I read recently that several major US companies have added coverage for fertility preservation procedures to their employee benefit plans. Basically, this involves extracting a woman’s eggs from her ovaries and freezing them until she is ready to have a family. Get it? You’re freezing your buns before they’re in the oven! Given the opportunity, there are so many other parts of my body that I would have frozen at a younger age had I the chance before I would even consider freezing my eggs!

Of course freezing eggs and sperm has long been medical procedures available to people –many choose to undertake the procedure before undergoing serious medical treatments, like chemotherapy and radiation. Another reason for undergoing such a procedure of course is because a woman’s ‘younger self’ eggs are more viable and healthier than her eggs at an advance maternal age, thereby leading to a healthier pregnancy and baby, all the while allowing a woman to focus on her career before having a family. Many women I know did that anyway, but I guess now there’s medical intervention available to take some of the worry out of advanced maternal conception and pregnancy. Of course, there’s no procedure available to take the worry about raising those children … other than perhaps that other cure-all that’s also pretty decent when frozen (margaritas).

We know that all work and no play makes Jack a dull boy, but it would appear that all play and no work might get Jane fired. Perhaps this all just a little too paternalistic. Companies like Apple and Facebook are taking care of your ovaries so you can take care of the Apple and Facebook? We don’t want you having babies while you’re young and upwardly mobile so please freeze them and have your babies when you’re past your prime and no longer worth much to your organization. Just pop those eggs in the freezer next to the leftover chili – or better yet where you’ll soon be storing your pumped breast milk.

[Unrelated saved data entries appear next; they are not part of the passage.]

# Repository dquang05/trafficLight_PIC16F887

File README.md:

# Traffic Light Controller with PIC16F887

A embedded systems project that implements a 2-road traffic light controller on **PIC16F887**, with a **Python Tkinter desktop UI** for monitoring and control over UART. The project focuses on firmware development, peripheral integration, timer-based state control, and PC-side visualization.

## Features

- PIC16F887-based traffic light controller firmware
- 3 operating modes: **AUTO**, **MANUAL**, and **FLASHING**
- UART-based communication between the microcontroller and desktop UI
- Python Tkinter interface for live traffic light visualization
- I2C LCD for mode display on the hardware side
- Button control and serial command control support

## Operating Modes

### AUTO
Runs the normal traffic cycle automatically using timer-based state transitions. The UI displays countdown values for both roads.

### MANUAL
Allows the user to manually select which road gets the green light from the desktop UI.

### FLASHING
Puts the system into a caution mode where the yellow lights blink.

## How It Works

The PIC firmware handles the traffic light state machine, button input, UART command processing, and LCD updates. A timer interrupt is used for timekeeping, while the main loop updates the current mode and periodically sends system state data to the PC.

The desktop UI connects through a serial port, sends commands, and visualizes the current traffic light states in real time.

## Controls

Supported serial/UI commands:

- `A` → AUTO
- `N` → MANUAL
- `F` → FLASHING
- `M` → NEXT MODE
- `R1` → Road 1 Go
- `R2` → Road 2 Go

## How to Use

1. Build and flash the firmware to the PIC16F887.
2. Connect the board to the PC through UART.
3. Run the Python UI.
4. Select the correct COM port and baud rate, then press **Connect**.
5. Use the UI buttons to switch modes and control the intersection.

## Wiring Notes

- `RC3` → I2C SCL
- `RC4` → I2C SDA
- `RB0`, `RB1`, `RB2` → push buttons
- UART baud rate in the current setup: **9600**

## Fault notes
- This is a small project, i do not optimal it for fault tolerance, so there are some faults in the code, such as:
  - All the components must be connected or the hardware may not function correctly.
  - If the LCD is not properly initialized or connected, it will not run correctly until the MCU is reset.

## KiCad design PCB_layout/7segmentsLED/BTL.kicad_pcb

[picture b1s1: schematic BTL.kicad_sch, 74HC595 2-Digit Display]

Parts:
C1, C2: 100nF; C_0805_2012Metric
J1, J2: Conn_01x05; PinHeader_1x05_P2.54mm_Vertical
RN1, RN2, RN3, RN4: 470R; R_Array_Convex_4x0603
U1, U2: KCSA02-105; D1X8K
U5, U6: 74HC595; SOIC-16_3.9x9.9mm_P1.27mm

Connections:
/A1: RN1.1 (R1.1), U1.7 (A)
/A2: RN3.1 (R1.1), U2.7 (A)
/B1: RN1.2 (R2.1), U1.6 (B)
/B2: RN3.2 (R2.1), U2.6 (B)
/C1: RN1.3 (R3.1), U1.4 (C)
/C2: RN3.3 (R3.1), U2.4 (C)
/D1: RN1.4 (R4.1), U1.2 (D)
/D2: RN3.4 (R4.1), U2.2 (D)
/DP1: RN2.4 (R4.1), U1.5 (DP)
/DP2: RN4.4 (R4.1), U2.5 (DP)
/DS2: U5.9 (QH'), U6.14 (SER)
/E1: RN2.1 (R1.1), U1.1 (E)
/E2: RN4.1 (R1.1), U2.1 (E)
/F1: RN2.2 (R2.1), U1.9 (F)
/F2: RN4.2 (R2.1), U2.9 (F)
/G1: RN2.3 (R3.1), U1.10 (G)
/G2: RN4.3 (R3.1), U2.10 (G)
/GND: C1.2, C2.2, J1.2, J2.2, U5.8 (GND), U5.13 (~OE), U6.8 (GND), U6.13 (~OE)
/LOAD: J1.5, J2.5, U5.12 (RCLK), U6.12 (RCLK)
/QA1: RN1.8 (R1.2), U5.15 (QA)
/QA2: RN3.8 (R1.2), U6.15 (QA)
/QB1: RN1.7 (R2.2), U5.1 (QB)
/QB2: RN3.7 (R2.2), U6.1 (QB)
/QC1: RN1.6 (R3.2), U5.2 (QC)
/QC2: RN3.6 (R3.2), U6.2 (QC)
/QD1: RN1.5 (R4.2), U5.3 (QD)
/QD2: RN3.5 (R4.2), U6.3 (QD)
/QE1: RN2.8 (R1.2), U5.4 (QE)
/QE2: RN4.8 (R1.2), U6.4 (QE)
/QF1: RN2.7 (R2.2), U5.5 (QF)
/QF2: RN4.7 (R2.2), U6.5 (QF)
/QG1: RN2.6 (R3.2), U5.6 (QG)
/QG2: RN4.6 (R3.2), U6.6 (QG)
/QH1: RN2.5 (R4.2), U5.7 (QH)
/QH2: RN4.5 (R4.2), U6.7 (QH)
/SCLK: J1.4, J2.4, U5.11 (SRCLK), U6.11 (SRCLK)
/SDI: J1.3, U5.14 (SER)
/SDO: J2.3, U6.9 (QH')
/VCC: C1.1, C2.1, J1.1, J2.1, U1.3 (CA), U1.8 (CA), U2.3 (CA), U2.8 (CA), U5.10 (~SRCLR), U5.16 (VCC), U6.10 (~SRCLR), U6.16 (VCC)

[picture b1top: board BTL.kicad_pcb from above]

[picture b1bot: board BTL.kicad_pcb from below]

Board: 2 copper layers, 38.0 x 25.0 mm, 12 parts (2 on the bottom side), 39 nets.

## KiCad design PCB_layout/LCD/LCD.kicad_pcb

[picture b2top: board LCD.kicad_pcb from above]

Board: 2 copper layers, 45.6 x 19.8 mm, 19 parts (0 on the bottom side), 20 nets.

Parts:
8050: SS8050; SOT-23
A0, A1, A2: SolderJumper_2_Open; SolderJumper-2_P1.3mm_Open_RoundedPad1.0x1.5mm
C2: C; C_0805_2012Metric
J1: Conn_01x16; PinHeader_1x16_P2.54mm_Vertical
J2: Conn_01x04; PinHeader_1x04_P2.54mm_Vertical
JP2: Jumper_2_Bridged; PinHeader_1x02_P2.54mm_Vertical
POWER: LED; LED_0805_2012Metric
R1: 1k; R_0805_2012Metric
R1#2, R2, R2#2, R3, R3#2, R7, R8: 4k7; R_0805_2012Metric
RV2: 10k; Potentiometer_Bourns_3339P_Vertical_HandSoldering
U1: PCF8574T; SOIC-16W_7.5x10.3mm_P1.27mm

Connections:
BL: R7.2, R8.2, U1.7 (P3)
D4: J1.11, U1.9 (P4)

Please lets lobby for a little more gender reciprocity here too, while we’re at it. Maybe I would have liked it if my husband’s hair follicles could have been frozen and preserved for later use too.

Pretty soon we won’t have the need for the political debate over extended maternity benefits because women will just delay having their babies until their retirement – when they have nothing but time on their hands.

Think of it … mother and daughter, father and son in matching bibs … matching walkers … sharing in mushy food dinner conversations. I sense a bonding – and business – opportunity here!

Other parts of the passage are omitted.